Fitting 3 folds for each of 12 candidates, totalling 36 fits
Best hyperparameters for DecisionTreeRegressor:  {'max_depth': 10, 'min_samples_split': 2}
Test Mean Squared Error (MSE) for DecisionTreeRegressor: 2.4508709814127108
Test R-squared (R2) for DecisionTreeRegressor: 0.654786022342331


In [9]:
# XGB Regressor hyperparameter tuning
param_grid_xgb = {
    'n_estimators': [50, 100, 200],
    'learning_rate': [0.01, 0.1, 0.2],
    'max_depth': [3, 5, 10]
}

xgb_cv = GridSearchCV(
    estimator=XGBRegressor(random_state=9, use_label_encoder=False, eval_metric='rmse'),
    param_grid=param_grid_xgb,
    cv=3,
    scoring='neg_mean_squared_error',
    n_jobs=-1,
    verbose=1
)
xgb_cv.fit(X_train, y_train)

# Best model
best_xgb = xgb_cv.best_estimator_

# Evaluate model
y_pred_xgb = best_xgb.predict(X_test)
test_mse_xgb = mean_squared_error(y_test, y_pred_xgb)
test_r2_xgb = r2_score(y_test, y_pred_xgb)

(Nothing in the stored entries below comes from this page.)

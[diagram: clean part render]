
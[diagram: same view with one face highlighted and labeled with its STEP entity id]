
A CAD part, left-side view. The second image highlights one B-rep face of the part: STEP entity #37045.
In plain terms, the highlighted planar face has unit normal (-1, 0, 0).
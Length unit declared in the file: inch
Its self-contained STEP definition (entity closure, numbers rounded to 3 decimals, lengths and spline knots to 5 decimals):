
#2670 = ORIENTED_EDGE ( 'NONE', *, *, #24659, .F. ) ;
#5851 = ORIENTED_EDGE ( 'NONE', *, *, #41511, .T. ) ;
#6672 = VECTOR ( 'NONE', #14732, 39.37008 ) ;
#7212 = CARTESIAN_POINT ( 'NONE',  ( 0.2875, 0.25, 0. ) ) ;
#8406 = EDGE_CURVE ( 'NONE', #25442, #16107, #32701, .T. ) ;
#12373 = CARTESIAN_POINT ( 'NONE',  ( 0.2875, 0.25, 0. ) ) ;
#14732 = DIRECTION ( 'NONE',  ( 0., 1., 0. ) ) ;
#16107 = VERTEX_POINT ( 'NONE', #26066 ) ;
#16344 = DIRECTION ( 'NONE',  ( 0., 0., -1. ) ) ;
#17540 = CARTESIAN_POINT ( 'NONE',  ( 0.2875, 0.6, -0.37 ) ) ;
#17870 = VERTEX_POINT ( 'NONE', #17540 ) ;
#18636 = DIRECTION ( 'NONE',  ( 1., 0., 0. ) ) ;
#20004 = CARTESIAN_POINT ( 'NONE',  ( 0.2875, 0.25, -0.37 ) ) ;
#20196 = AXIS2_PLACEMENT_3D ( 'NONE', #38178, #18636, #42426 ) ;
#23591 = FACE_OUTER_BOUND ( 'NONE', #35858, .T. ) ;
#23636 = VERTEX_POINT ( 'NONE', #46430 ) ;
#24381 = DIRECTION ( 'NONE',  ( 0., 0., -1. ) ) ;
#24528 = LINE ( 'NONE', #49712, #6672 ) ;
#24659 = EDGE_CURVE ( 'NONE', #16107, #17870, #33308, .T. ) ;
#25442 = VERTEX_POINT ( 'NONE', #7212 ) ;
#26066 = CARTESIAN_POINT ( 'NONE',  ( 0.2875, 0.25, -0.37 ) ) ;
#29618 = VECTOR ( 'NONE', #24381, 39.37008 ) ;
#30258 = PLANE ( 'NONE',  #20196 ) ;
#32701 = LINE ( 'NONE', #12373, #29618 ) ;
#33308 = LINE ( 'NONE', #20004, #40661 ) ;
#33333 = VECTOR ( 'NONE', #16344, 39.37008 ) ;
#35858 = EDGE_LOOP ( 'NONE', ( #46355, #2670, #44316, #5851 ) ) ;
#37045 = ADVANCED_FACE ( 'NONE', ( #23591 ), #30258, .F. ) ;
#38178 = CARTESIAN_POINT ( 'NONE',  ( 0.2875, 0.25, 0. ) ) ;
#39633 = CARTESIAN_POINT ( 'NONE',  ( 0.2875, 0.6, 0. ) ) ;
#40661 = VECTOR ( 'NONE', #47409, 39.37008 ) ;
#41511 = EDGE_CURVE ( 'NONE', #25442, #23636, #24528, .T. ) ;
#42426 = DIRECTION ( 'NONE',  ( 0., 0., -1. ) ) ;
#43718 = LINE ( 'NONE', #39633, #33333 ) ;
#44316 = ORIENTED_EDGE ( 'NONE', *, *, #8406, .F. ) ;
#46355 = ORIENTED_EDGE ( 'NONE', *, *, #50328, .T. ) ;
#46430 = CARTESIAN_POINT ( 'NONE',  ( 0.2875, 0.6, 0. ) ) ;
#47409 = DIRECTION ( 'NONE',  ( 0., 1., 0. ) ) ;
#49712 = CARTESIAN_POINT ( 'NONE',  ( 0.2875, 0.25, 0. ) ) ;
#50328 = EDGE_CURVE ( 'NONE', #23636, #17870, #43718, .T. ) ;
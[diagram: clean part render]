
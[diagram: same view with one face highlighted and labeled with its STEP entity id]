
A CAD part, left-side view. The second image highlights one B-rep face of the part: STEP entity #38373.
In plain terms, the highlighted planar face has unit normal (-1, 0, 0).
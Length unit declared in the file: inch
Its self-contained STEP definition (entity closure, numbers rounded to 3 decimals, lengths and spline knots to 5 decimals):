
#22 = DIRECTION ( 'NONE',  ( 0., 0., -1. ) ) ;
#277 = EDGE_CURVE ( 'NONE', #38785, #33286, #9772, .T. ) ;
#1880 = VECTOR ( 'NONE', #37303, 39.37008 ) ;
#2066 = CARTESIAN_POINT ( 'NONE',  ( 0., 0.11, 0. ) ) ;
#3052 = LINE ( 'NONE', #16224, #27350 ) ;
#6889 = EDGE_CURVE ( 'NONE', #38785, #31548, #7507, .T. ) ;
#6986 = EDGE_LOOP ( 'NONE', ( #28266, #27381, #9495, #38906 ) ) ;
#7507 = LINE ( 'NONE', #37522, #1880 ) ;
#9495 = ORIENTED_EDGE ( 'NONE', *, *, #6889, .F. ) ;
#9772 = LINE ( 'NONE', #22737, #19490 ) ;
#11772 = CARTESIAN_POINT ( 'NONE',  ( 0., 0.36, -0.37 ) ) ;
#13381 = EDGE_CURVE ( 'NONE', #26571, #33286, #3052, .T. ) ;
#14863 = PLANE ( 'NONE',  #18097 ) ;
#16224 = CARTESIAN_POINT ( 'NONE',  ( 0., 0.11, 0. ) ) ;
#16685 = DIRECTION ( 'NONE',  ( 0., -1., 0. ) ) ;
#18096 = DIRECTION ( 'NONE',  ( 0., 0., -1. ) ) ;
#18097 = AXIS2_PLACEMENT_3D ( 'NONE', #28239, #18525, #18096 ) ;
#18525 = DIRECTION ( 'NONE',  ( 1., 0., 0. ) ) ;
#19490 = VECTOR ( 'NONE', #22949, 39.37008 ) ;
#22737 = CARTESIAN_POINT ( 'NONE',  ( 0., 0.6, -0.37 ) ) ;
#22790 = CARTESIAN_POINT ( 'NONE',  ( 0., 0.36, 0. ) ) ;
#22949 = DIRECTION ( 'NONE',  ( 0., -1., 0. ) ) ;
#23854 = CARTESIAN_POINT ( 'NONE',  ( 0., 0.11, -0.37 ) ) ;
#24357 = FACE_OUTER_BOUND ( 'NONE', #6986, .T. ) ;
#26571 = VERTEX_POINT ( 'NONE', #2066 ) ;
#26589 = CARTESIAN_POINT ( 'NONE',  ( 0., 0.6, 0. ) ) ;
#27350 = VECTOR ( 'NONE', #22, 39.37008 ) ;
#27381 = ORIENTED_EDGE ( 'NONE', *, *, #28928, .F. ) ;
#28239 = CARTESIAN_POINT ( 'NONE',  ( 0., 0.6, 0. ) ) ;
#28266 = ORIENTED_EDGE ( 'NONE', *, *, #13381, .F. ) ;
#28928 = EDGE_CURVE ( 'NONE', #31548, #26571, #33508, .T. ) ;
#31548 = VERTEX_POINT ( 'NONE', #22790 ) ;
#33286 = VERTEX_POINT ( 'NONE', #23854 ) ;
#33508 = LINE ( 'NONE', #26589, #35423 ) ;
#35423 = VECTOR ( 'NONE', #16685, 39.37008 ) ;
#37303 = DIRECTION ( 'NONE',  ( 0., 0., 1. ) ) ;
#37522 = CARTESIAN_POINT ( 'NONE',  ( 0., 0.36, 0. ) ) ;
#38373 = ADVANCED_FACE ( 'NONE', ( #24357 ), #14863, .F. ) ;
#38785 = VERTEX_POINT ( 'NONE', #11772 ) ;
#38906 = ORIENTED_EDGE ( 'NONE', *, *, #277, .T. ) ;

print("Best hyperparameters for XGBRegressor: ", xgb_cv.best_params_)
print("Test Mean Squared Error (MSE) for XGBRegressor:", test_mse_xgb)
print("Test R-squared (R2) for XGBRegressor:", test_r2_xgb)


Fitting 3 folds for each of 27 candidates, totalling 81 fits


Parameters: { "use_label_encoder" } are not used.



Best hyperparameters for XGBRegressor:  {'learning_rate': 0.2, 'max_depth': 5, 'n_estimators': 200}
Test Mean Squared Error (MSE) for XGBRegressor: 1.939168070855501
Test R-squared (R2) for XGBRegressor: 0.7268612145789453


In [10]:
best_model = best_gbr
best_mse = test_mse_gbr
print(f"The best model is {best_model}.")
print(f"The calculated MSE with Gradient Boosting Regressor with hyperparameter tuning is {best_mse}.")

The best model is GradientBoostingRegressor(learning_rate=0.2, max_depth=5, n_estimators=200,
                          random_state=9).
The calculated MSE with Gradient Boosting Regressor with hyperparameter tuning is 1.9350113693585484.